@macuso, Can you provide more details?
Yes. The newest DWG version supported by Rhino is 2007. I think a newer version will be great.
When exporting black lines into the DWG drawings and opening afterwards the DWG file with AutoCAD, having a black background in AutoCAD, I can’t see the lines. They remain Black on black background. AutoCAD has a special kind of case for the black lines created in AUtoCAD, if the background is black, the black lines will be displayed white, and reverse, but for the drawings exported from the Rhino, will remain black lines on black background which is unreadable.
Also the exported drawings are not centred in AutoCAD viewport. For every single drawing I need to right-click/Zoom/ZoomExtents and save again the file, this time from AutoCAD. It will be great to be able to open into AutoCAD DWG files created in Rhino and to maintain the actual viewport location, I mean to have the same view in AutoCAD like I do have in Rhino when exporting.
Now, if I open a DWG file (created in AutoCAD) in Rhino, usually the layouts are offset-ed up or down but not on the centre of the page.
Thank you for the tip. Now I can see white lines on black background in AutoCAD.
Is there “preserve dimension format” checkbox somewhere, so Rhino dims keep the same size and units in DWGs opened in AutoCAD perchance?
Hi - there is no such checkbox, no.
What happens to the size? Can you post an example that changes the size?
As for the units, is the case that you have set the Length units > Units - formats
option to something else than Model units
?
-wim
Hi Marcuso,
Does this happen in Rhino 6 for Windows? Mac? Rhino 7WIP?
Please attach a file(s) that will show us this issue. If you do not want to post it here, email it to mary@mcneel.com.
I have not been able to duplicate it here with my files.
It works with my files. I am using AutoCAD 2019 and writing out the 2018 file format.
I was using a imperial units with inch for both the model and layout unit. Your file will help me out.
See the video here:
When I import an AutoCAD DWG, I do need to turn off the Rhino “Enable Layout Scaling” on Annotations. This typically works best for most AutoCAD dwgs. Here the text that is size in Model space will just be viewed on the Layout and “not scale”.
Again, send get us a DWG that will show us this issue. Erase anything in it that is not for disclosure.
Thanks,
Mary Ann Fugier
McNeel Technical Support and Training
Seattle, WA
Details Sheet in AutoCAD 2019
2018 DWG imported to Rhino 6 for Windows sr19
See if this can be reproduced on your end. Fractions from R6 turn to decimals in DWG and dimension size gets scaled down into unreadable size. R5 wasn’t perfect, but was tolerable and workable. And yeah, you have to open DWG export in AutoCAD.

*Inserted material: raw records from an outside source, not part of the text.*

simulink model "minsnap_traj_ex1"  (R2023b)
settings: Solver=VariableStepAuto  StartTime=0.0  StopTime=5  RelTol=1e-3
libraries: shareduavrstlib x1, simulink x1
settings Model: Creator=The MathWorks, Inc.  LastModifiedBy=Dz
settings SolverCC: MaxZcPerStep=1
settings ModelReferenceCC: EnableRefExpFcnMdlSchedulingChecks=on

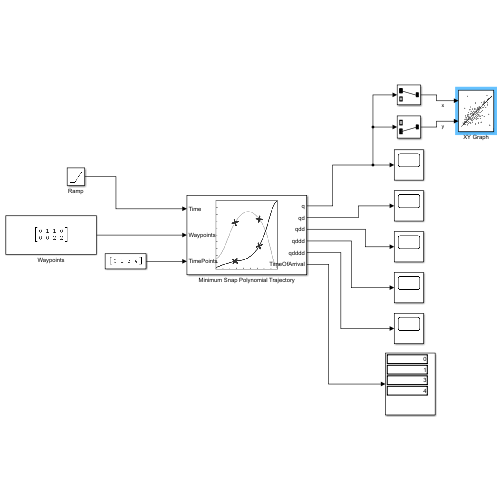
[thumbnail: Simulink's stored preview of the top-level diagram]
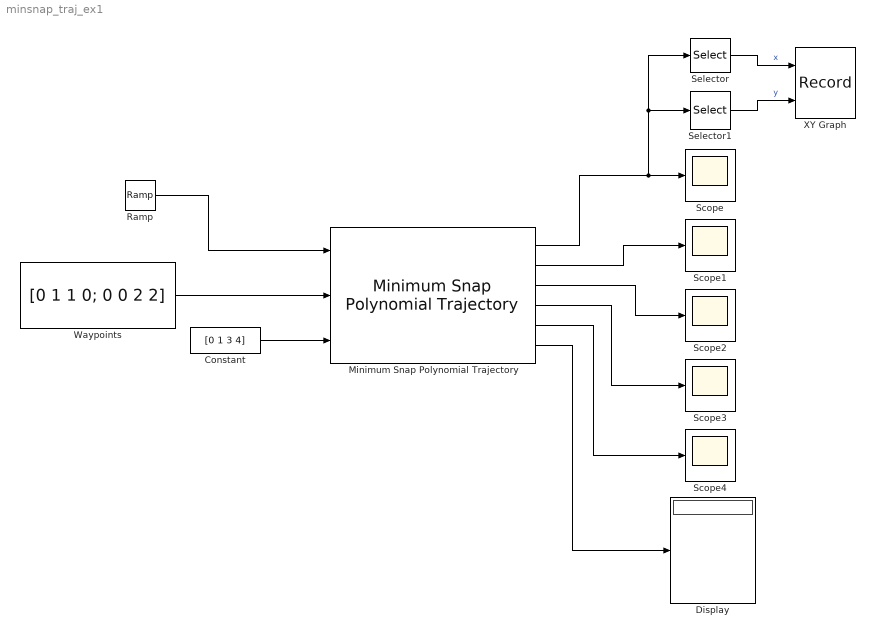
== system minsnap_traj_ex1 ==
  Constant : Constant  Value=[0 1 3 4]
  Display : Display
  Minimum Snap Polynomial Trajectory : shareduavrstlib/Minimum Snap Polynomial Trajectory  ShowBCInputPort=off  ShowPolynomialCoefs=off  ShowStatusOutputPort=off  TimeAllocation=off  TimeWeight=100  MinSegmentTime=0.1  MaxSegmentTime=1  MaxIteration=1500  MaxTime=10  SimulateUsing=Interpreted execution
  Ramp : simulink/Sources/Ramp  slope=1  start=0  InitialOutput=0
  Scope{,1..4} (5 alike) : Scope
  Selector : Selector  InputPortWidth=2  IndexOptions=Index vector (dialog)  Indices=1  OutputSizes=1
  Selector1 : Selector  InputPortWidth=2  IndexOptions=Index vector (dialog)  Indices=2  OutputSizes=1
  Waypoints : Constant  Value=[0 1 1 0; 0 0 2 2]
  XY Graph : Record  FileSettingsInternal="{\"entries\":[{\"content\":{\"excelSettings\":{\"content\":{},\"type\":\"Streamout.ExcelSettings\"}},\"type\":\"Streamout.FileSettingStorage\",\"uuid\":\"\"}],\"packageUris\":[\"http:\\/\\/schema.mathworks.com\\/mf0\\/streamout_blocks\\/R2020a\"],\"version\":\"1.0\"}"  Layout=[1 1]  SignalsInternal="{\"entries\":[{\"content\":{\"signals\":[{\"content\":{\"blockPath\":[],\"dimensions\":[1,1],\"domain\":\"\",\"lineColor\":\"#77ac30\",\"plots\":[1],\"port\":1,\"sid\":[\"\"],\"signalID\":498,\"signalName\":\"x\"},\"type\":\"RecordBlkView.Signal\",\"uuid\":\"\"},{\"content\":{\"blockPath\":[],\"dimensions\":[1,1],\"domain\":\"\",\"lineColor\":\"#4dbeee\",\"plots\":[1],\"port\":2,\"sid\":[\"\"],\"signalID\":502,\"signalName\":\"y\"},\"type\":\"RecordBlkView.Signal\",\"uuid\":\"\"}]},\"type\":\"RecordBlkView.InputSignals\",\"uuid\":\"\"}],\"packageUris\":[\"http:\\/\\/schema.mathworks.com\\/mf0\\/streamout_blocks\\/R2020a\"],\"version\":\"1.0\"}"  VisualizationBindings="{\"xyplotplugin\":{\"info\":[{\"series\":[{\"bindingParametersList\":[{\"parameter\":\"X-Axis\",\"signalID\":498,\"signalName\":\"x\"},{\"parameter\":\"Y-Axis\",\"signalID\":502,\"signalName\":\"y\"}],\"seriesID\":9148}],\"subplotID\":1}]}}"  CompatibilityTag=XY  st=-1
  wires:
  Minimum Snap Polynomial Trajectory/3 -> Scope2/1
  Waypoints/1 -> Minimum Snap Polynomial Trajectory/2
  Minimum Snap Polynomial Trajectory/1 -> Selector1/1, Selector/1, Scope/1
  Selector/1 -> XY Graph/1  "x"
  Selector1/1 -> XY Graph/2  "y"
  Minimum Snap Polynomial Trajectory/2 -> Scope1/1
  Ramp/1 -> Minimum Snap Polynomial Trajectory/1
  Constant/1 -> Minimum Snap Polynomial Trajectory/3
  Minimum Snap Polynomial Trajectory/4 -> Scope3/1
  Minimum Snap Polynomial Trajectory/6 -> Display/1
  Minimum Snap Polynomial Trajectory/5 -> Scope4/1

Not necessarily - round-tripping to Rhino does that too. Continuing this one in your original post.
-wim
Block attributes is the one of the few things I miss from Autocad.
There 's a promising attempt in WIP7 that allows user text to depend on parent block’s.
Linking this to DWG import and export could make Rhino support DWG block attributes.
Yes. There is some work in W7 that should help. Stay tuned.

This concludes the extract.